■ **ASSIGNMENT**
All the lines below should be set down exactly, with no picture carried into the copy.

^^^^^^^^^^^^^^^^

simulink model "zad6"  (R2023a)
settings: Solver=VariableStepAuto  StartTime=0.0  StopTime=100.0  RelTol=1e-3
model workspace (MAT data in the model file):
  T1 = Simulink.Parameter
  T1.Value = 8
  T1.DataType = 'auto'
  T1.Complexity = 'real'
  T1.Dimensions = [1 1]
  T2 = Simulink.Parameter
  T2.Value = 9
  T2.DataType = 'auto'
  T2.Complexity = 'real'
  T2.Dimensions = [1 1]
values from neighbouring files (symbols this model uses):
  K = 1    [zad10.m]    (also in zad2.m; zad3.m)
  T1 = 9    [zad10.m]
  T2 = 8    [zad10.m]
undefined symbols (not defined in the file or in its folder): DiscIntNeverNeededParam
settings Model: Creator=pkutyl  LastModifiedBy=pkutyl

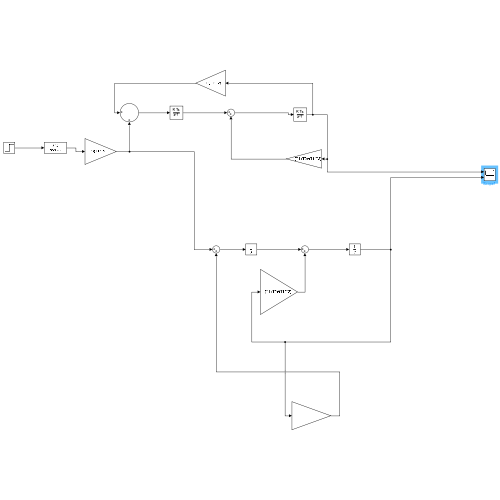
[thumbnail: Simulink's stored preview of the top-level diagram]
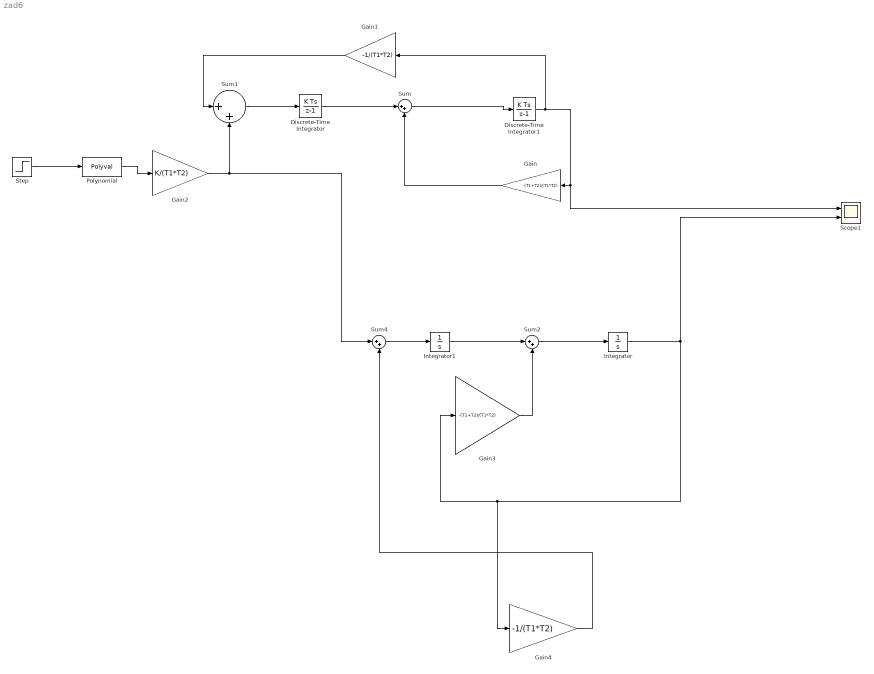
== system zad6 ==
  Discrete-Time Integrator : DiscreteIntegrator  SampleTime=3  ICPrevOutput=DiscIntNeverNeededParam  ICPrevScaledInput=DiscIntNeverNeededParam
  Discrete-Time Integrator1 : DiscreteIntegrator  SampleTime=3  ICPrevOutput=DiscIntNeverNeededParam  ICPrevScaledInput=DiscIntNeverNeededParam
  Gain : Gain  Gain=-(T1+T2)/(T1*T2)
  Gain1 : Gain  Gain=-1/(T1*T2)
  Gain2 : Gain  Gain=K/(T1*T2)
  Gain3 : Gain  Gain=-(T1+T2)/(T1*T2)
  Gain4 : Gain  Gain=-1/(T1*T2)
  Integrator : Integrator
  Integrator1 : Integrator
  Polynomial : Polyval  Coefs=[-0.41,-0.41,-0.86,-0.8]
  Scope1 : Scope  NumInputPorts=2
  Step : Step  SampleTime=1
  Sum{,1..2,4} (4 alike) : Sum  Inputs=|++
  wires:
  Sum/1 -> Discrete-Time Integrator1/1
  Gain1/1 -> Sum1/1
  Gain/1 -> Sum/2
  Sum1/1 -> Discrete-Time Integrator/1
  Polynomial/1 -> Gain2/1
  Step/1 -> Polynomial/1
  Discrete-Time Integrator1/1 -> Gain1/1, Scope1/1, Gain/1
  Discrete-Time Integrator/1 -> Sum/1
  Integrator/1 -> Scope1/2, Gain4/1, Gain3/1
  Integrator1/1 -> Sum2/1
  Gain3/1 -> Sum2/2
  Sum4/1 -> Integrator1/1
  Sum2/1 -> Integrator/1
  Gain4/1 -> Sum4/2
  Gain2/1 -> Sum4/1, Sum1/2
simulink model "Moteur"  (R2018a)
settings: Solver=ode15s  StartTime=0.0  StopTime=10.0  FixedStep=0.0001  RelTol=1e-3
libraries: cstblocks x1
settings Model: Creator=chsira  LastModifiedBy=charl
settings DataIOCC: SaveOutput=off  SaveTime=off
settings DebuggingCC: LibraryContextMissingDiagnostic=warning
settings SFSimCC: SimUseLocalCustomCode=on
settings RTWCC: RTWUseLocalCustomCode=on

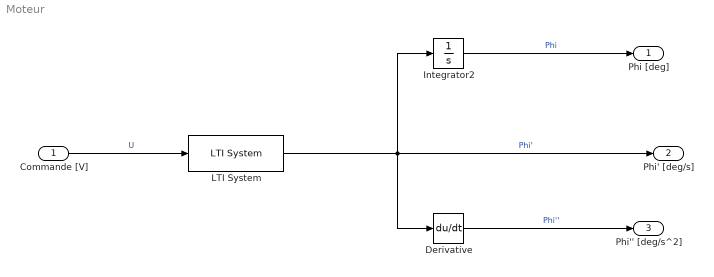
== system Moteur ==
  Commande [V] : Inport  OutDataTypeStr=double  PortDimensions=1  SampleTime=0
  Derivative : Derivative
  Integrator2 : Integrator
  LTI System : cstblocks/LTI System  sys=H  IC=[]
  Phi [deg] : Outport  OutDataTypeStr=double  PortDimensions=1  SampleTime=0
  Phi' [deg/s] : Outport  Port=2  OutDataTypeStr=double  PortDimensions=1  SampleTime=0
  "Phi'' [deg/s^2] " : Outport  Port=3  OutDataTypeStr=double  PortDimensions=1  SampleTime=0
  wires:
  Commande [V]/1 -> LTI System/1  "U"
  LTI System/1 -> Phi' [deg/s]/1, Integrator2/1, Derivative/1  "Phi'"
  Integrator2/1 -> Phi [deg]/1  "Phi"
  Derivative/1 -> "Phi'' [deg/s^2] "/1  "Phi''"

^^^^^^^^^^^^^^^^

■ **SOLUTION BELOW**
simulink model "zad6"  (R2023a)
settings: Solver=VariableStepAuto  StartTime=0.0  StopTime=100.0  RelTol=1e-3
model workspace (MAT data in the model file):
  T1 = Simulink.Parameter
  T1.Value = 8
  T1.DataType = 'auto'
  T1.Complexity = 'real'
  T1.Dimensions = [1 1]
  T2 = Simulink.Parameter
  T2.Value = 9
  T2.DataType = 'auto'
  T2.Complexity = 'real'
  T2.Dimensions = [1 1]
values from neighbouring files (symbols this model uses):
  K = 1    [zad10.m]    (also in zad2.m; zad3.m)
  T1 = 9    [zad10.m]
  T2 = 8    [zad10.m]
undefined symbols (not defined in the file or in its folder): DiscIntNeverNeededParam
settings Model: Creator=pkutyl  LastModifiedBy=pkutyl

[thumbnail: Simulink's stored preview of the top-level diagram]
== system zad6 ==
  Discrete-Time Integrator : DiscreteIntegrator  SampleTime=3  ICPrevOutput=DiscIntNeverNeededParam  ICPrevScaledInput=DiscIntNeverNeededParam
  Discrete-Time Integrator1 : DiscreteIntegrator  SampleTime=3  ICPrevOutput=DiscIntNeverNeededParam  ICPrevScaledInput=DiscIntNeverNeededParam
  Gain : Gain  Gain=-(T1+T2)/(T1*T2)
  Gain1 : Gain  Gain=-1/(T1*T2)
  Gain2 : Gain  Gain=K/(T1*T2)
  Gain3 : Gain  Gain=-(T1+T2)/(T1*T2)
  Gain4 : Gain  Gain=-1/(T1*T2)
  Integrator : Integrator
  Integrator1 : Integrator
  Polynomial : Polyval  Coefs=[-0.41,-0.41,-0.86,-0.8]
  Scope1 : Scope  NumInputPorts=2
  Step : Step  SampleTime=1
  Sum{,1..2,4} (4 alike) : Sum  Inputs=|++
  wires:
  Sum/1 -> Discrete-Time Integrator1/1
  Gain1/1 -> Sum1/1
  Gain/1 -> Sum/2
  Sum1/1 -> Discrete-Time Integrator/1
  Polynomial/1 -> Gain2/1
  Step/1 -> Polynomial/1
  Discrete-Time Integrator1/1 -> Gain1/1, Scope1/1, Gain/1
  Discrete-Time Integrator/1 -> Sum/1
  Integrator/1 -> Scope1/2, Gain4/1, Gain3/1
  Integrator1/1 -> Sum2/1
  Gain3/1 -> Sum2/2
  Sum4/1 -> Integrator1/1
  Sum2/1 -> Integrator/1
  Gain4/1 -> Sum4/2
  Gain2/1 -> Sum4/1, Sum1/2
simulink model "Moteur"  (R2018a)
settings: Solver=ode15s  StartTime=0.0  StopTime=10.0  FixedStep=0.0001  RelTol=1e-3
libraries: cstblocks x1
settings Model: Creator=chsira  LastModifiedBy=charl
settings DataIOCC: SaveOutput=off  SaveTime=off
settings DebuggingCC: LibraryContextMissingDiagnostic=warning
settings SFSimCC: SimUseLocalCustomCode=on
settings RTWCC: RTWUseLocalCustomCode=on

== system Moteur ==
  Commande [V] : Inport  OutDataTypeStr=double  PortDimensions=1  SampleTime=0
  Derivative : Derivative
  Integrator2 : Integrator
  LTI System : cstblocks/LTI System  sys=H  IC=[]
  Phi [deg] : Outport  OutDataTypeStr=double  PortDimensions=1  SampleTime=0
  Phi' [deg/s] : Outport  Port=2  OutDataTypeStr=double  PortDimensions=1  SampleTime=0
  "Phi'' [deg/s^2] " : Outport  Port=3  OutDataTypeStr=double  PortDimensions=1  SampleTime=0
  wires:
  Commande [V]/1 -> LTI System/1  "U"
  LTI System/1 -> Phi' [deg/s]/1, Integrator2/1, Derivative/1  "Phi'"
  Integrator2/1 -> Phi [deg]/1  "Phi"
  Derivative/1 -> "Phi'' [deg/s^2] "/1  "Phi''"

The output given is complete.